City | Bethesda, Maryland |
---|---|
Broadcast area | Metro Washington area |
Branding | "SportsTalk 570" |
Slogan | "Powered by ESPN" |
Frequency | 570 (kHz) (also on HD Radio) |
First air date | April 9, 2001 |
Format | Sports/talk |
Power | 5,000 watts (day) 1,000 watts (night) |
Class | B |
Facility ID | 11846 |
Transmitter coordinates | 39°8′3.0″N 77°18′14.0″W / 39.134167°N 77.303889°W |
Callsign meaning | W-"SPort(Z)Talk 570" |
Former callsigns | 2001–2010: WTNT 1998–2001: WWRC 1992–1998: WTEM 1948–1992: WGMS |
Affiliations |
ESPN Radio SB Nation Radio |
Owner |
Red Zebra Broadcasting (Red Zebra Broadcasting Licensee, LLC) |
Sister stations | WTEM |
Webcast | Listen Live |
Website | sportstalk570 |
WSPZ (570 AM) — branded SportsTalk 570 — is a sports radio station licensed to Bethesda, Maryland and serving the Washington metro area. It has a daytime power of 5,000 watts from a transmitter in Germantown, Maryland.
WSPZ's current programming is sports radio, chiefly as an all-network complement to sister station WTEM. It is the flagship for SB Nation Radio's morning show hosted by WTEM afternoon personality Steve Czaban, and carries the ESPN Radio programming lineup throughout the rest of the day, while WTEM has an all-local lineup. WSPZ also airs Virginia Cavaliers football and select Baltimore Orioles games not aired on WTEM.
WSPZ and WTEM are owned by Red Zebra Broadcasting, a broadcasting firm owned by Daniel Snyder, owner of the Washington Redskins.
In the 1960s through the early 1990s, WSPZ was WGMS, broadcasting classical music. A proposal in the 1970s to convert WGMS to a Top-40 station upset many of its influential listeners; WGMS received an exception from the then-existing rule to simulcast its programming with its sister station, WGMS-FM.
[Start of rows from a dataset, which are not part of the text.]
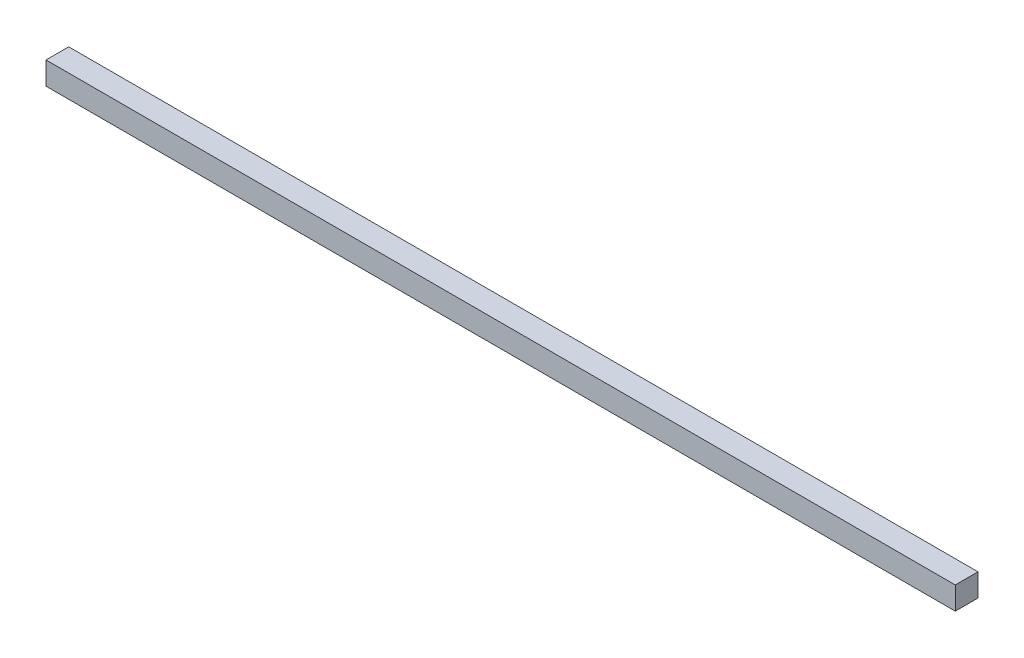
ISO-10303-21;
HEADER;
FILE_DESCRIPTION(('STEP AP214'),'2;1');
FILE_NAME('part.step','',(''),(''),'','','');
FILE_SCHEMA(('AUTOMOTIVE_DESIGN { 1 0 10303 214 1 1 1 1 }'));
ENDSEC;
DATA;
#1=APPLICATION_CONTEXT('core data for automotive mechanical design processes');
#2=APPLICATION_PROTOCOL_DEFINITION('international standard','automotive_design',2000,#1);
#3=PRODUCT_CONTEXT('',#1,'mechanical');
#4=PRODUCT('Part','Part','',(#3));
#5=PRODUCT_RELATED_PRODUCT_CATEGORY('part','',(#4));
#6=PRODUCT_DEFINITION_FORMATION('','',#4);
#7=PRODUCT_DEFINITION_CONTEXT('part definition',#1,'design');
#8=PRODUCT_DEFINITION('design','',#6,#7);
#9=PRODUCT_DEFINITION_SHAPE('','',#8);
#10=(LENGTH_UNIT() NAMED_UNIT(*) SI_UNIT(.MILLI.,.METRE.));
#11=(NAMED_UNIT(*) PLANE_ANGLE_UNIT() SI_UNIT($,.RADIAN.));
#12=(NAMED_UNIT(*) SI_UNIT($,.STERADIAN.) SOLID_ANGLE_UNIT());
#13=UNCERTAINTY_MEASURE_WITH_UNIT(LENGTH_MEASURE(1.E-05),#10,'distance_accuracy_value','');
#14=(GEOMETRIC_REPRESENTATION_CONTEXT(3) GLOBAL_UNCERTAINTY_ASSIGNED_CONTEXT((#13)) GLOBAL_UNIT_ASSIGNED_CONTEXT((#10,
#11,#12)) REPRESENTATION_CONTEXT('',''));
#15=CARTESIAN_POINT('',(0.,0.,0.));
#16=DIRECTION('',(0.,0.,1.));
#17=DIRECTION('',(1.,0.,0.));
#18=AXIS2_PLACEMENT_3D('',#15,#16,#17);
#19=CARTESIAN_POINT('',(-200.,10.,-4.99999999999998));
#20=DIRECTION('',(1.,0.,0.));
#21=DIRECTION('',(0.,0.,-1.));
#22=AXIS2_PLACEMENT_3D('',#19,#20,#21);
#23=PLANE('',#22);
#24=DIRECTION('',(0.,0.,1.));
#25=VECTOR('',#24,1.);
#26=CARTESIAN_POINT('',(-200.,0.,-4.99999999999998));
#27=LINE('',#26,#25);
#28=CARTESIAN_POINT('',(-200.,0.,-4.99999999999998));
#29=VERTEX_POINT('',#28);
#30=CARTESIAN_POINT('',(-200.,0.,5.));
#31=VERTEX_POINT('',#30);
#32=EDGE_CURVE('E97',#29,#31,#27,.T.);
#33=ORIENTED_EDGE('',*,*,#32,.T.);
#34=DIRECTION('',(0.,-1.,0.));
#35=VECTOR('',#34,1.);
#36=CARTESIAN_POINT('',(-200.,10.,5.));
#37=LINE('',#36,#35);
#38=CARTESIAN_POINT('',(-200.,10.,5.));
#39=VERTEX_POINT('',#38);
#40=EDGE_CURVE('E11',#39,#31,#37,.T.);
#41=ORIENTED_EDGE('',*,*,#40,.F.);
#42=DIRECTION('',(0.,0.,1.));
#43=VECTOR('',#42,1.);
#44=CARTESIAN_POINT('',(-200.,10.,-4.99999999999998));
#45=LINE('',#44,#43);
#46=CARTESIAN_POINT('',(-200.,10.,-4.99999999999998));
#47=VERTEX_POINT('',#46);
#48=EDGE_CURVE('E85',#47,#39,#45,.T.);
#49=ORIENTED_EDGE('',*,*,#48,.F.);
#50=DIRECTION('',(0.,-1.,0.));
#51=VECTOR('',#50,1.);
#52=CARTESIAN_POINT('',(-200.,10.,-4.99999999999998));
#53=LINE('',#52,#51);
#54=EDGE_CURVE('E93',#47,#29,#53,.T.);
#55=ORIENTED_EDGE('',*,*,#54,.T.);
#56=EDGE_LOOP('',(#33,#41,#49,#55));
#57=FACE_BOUND('',#56,.T.);
#58=ADVANCED_FACE('F34',(#57),#23,.F.);
#59=CARTESIAN_POINT('',(-200.,10.,5.));
#60=DIRECTION('',(0.,0.,-1.));
#61=DIRECTION('',(-1.,0.,0.));
#62=AXIS2_PLACEMENT_3D('',#59,#60,#61);
#63=PLANE('',#62);
#64=DIRECTION('',(1.,0.,0.));
#65=VECTOR('',#64,1.);
#66=CARTESIAN_POINT('',(-200.,0.,5.));
#67=LINE('',#66,#65);
#68=CARTESIAN_POINT('',(200.,0.,5.));
#69=VERTEX_POINT('',#68);
#70=EDGE_CURVE('E89',#31,#69,#67,.T.);
#71=ORIENTED_EDGE('',*,*,#70,.T.);
#72=DIRECTION('',(0.,-1.,0.));
#73=VECTOR('',#72,1.);
#74=CARTESIAN_POINT('',(200.,10.,5.));
#75=LINE('',#74,#73);
#76=CARTESIAN_POINT('',(200.,10.,5.));
#77=VERTEX_POINT('',#76);
#78=EDGE_CURVE('E42',#77,#69,#75,.T.);
#79=ORIENTED_EDGE('',*,*,#78,.F.);
#80=DIRECTION('',(1.,0.,0.));
#81=VECTOR('',#80,1.);
#82=CARTESIAN_POINT('',(-200.,10.,5.));
#83=LINE('',#82,#81);
#84=EDGE_CURVE('E80',#39,#77,#83,.T.);
#85=ORIENTED_EDGE('',*,*,#84,.F.);
#86=ORIENTED_EDGE('',*,*,#40,.T.);
#87=EDGE_LOOP('',(#71,#79,#85,#86));
#88=FACE_BOUND('',#87,.T.);
#89=ADVANCED_FACE('F88',(#88),#63,.F.);
#90=CARTESIAN_POINT('',(200.,10.,-4.99999999999998));
#91=DIRECTION('',(-1.,0.,0.));
#92=DIRECTION('',(0.,0.,1.));
#93=AXIS2_PLACEMENT_3D('',#90,#91,#92);
#94=PLANE('',#93);
#95=DIRECTION('',(0.,0.,-1.));
#96=VECTOR('',#95,1.);
#97=CARTESIAN_POINT('',(200.,0.,-4.99999999999998));
#98=LINE('',#97,#96);
#99=CARTESIAN_POINT('',(200.,0.,-4.99999999999998));
#100=VERTEX_POINT('',#99);
#101=EDGE_CURVE('E67',#69,#100,#98,.T.);
#102=ORIENTED_EDGE('',*,*,#101,.T.);
#103=DIRECTION('',(0.,-1.,0.));
#104=VECTOR('',#103,1.);
#105=CARTESIAN_POINT('',(200.,10.,-4.99999999999998));
#106=LINE('',#105,#104);
#107=CARTESIAN_POINT('',(200.,10.,-4.99999999999998));
#108=VERTEX_POINT('',#107);
#109=EDGE_CURVE('E90',#108,#100,#106,.T.);
#110=ORIENTED_EDGE('',*,*,#109,.F.);
#111=DIRECTION('',(0.,0.,-1.));
#112=VECTOR('',#111,1.);
#113=CARTESIAN_POINT('',(200.,10.,-4.99999999999998));
#114=LINE('',#113,#112);
#115=EDGE_CURVE('E83',#77,#108,#114,.T.);
#116=ORIENTED_EDGE('',*,*,#115,.F.);
#117=ORIENTED_EDGE('',*,*,#78,.T.);
#118=EDGE_LOOP('',(#102,#110,#116,#117));
#119=FACE_BOUND('',#118,.T.);
#120=ADVANCED_FACE('F91',(#119),#94,.F.);
#121=CARTESIAN_POINT('',(-200.,10.,-4.99999999999998));
#122=DIRECTION('',(0.,0.,1.));
#123=DIRECTION('',(1.,0.,0.));
#124=AXIS2_PLACEMENT_3D('',#121,#122,#123);
#125=PLANE('',#124);
#126=DIRECTION('',(-1.,0.,0.));
#127=VECTOR('',#126,1.);
#128=CARTESIAN_POINT('',(-200.,0.,-4.99999999999998));
#129=LINE('',#128,#127);
#130=EDGE_CURVE('E73',#100,#29,#129,.T.);
#131=ORIENTED_EDGE('',*,*,#130,.T.);
#132=ORIENTED_EDGE('',*,*,#54,.F.);
#133=DIRECTION('',(-1.,0.,0.));
#134=VECTOR('',#133,1.);
#135=CARTESIAN_POINT('',(-200.,10.,-4.99999999999998));
#136=LINE('',#135,#134);
#137=EDGE_CURVE('E50',#108,#47,#136,.T.);
#138=ORIENTED_EDGE('',*,*,#137,.F.);
#139=ORIENTED_EDGE('',*,*,#109,.T.);
#140=EDGE_LOOP('',(#131,#132,#138,#139));
#141=FACE_BOUND('',#140,.T.);
#142=ADVANCED_FACE('F104',(#141),#125,.F.);
#143=CARTESIAN_POINT('',(0.,10.,0.));
#144=DIRECTION('',(0.,1.,0.));
#145=DIRECTION('',(0.,0.,1.));
#146=AXIS2_PLACEMENT_3D('',#143,#144,#145);
#147=PLANE('',#146);
#148=ORIENTED_EDGE('',*,*,#48,.T.);
#149=ORIENTED_EDGE('',*,*,#84,.T.);
#150=ORIENTED_EDGE('',*,*,#115,.T.);
#151=ORIENTED_EDGE('',*,*,#137,.T.);
#152=EDGE_LOOP('',(#148,#149,#150,#151));
#153=FACE_BOUND('',#152,.T.);
#154=ADVANCED_FACE('F81',(#153),#147,.T.);
#155=CARTESIAN_POINT('',(0.,0.,0.));
#156=DIRECTION('',(0.,1.,0.));
#157=DIRECTION('',(0.,0.,1.));
#158=AXIS2_PLACEMENT_3D('',#155,#156,#157);
#159=PLANE('',#158);
#160=ORIENTED_EDGE('',*,*,#32,.F.);
#161=ORIENTED_EDGE('',*,*,#130,.F.);
#162=ORIENTED_EDGE('',*,*,#101,.F.);
#163=ORIENTED_EDGE('',*,*,#70,.F.);
#164=EDGE_LOOP('',(#160,#161,#162,#163));
#165=FACE_BOUND('',#164,.T.);
#166=ADVANCED_FACE('F107',(#165),#159,.F.);
#167=CLOSED_SHELL('',(#58,#89,#120,#142,#154,#166));
#168=MANIFOLD_SOLID_BREP('B2',#167);
#169=ADVANCED_BREP_SHAPE_REPRESENTATION('',(#18,#168),#14);
#170=SHAPE_DEFINITION_REPRESENTATION(#9,#169);
ENDSEC;
END-ISO-10303-21;

WGMS was sold to Washington, D.C. venture capitalists Steven and Mitchell Rales, which converted the music station into WTEM, a sports-talk station, on May 24, 1992. Chancellor Broadcasting purchased the station in August 1996. Chancellor Broadcasting restructured and became known as AMFM Inc. in 1999. In 2000, AMFM Inc. merged with Clear Channel Communications.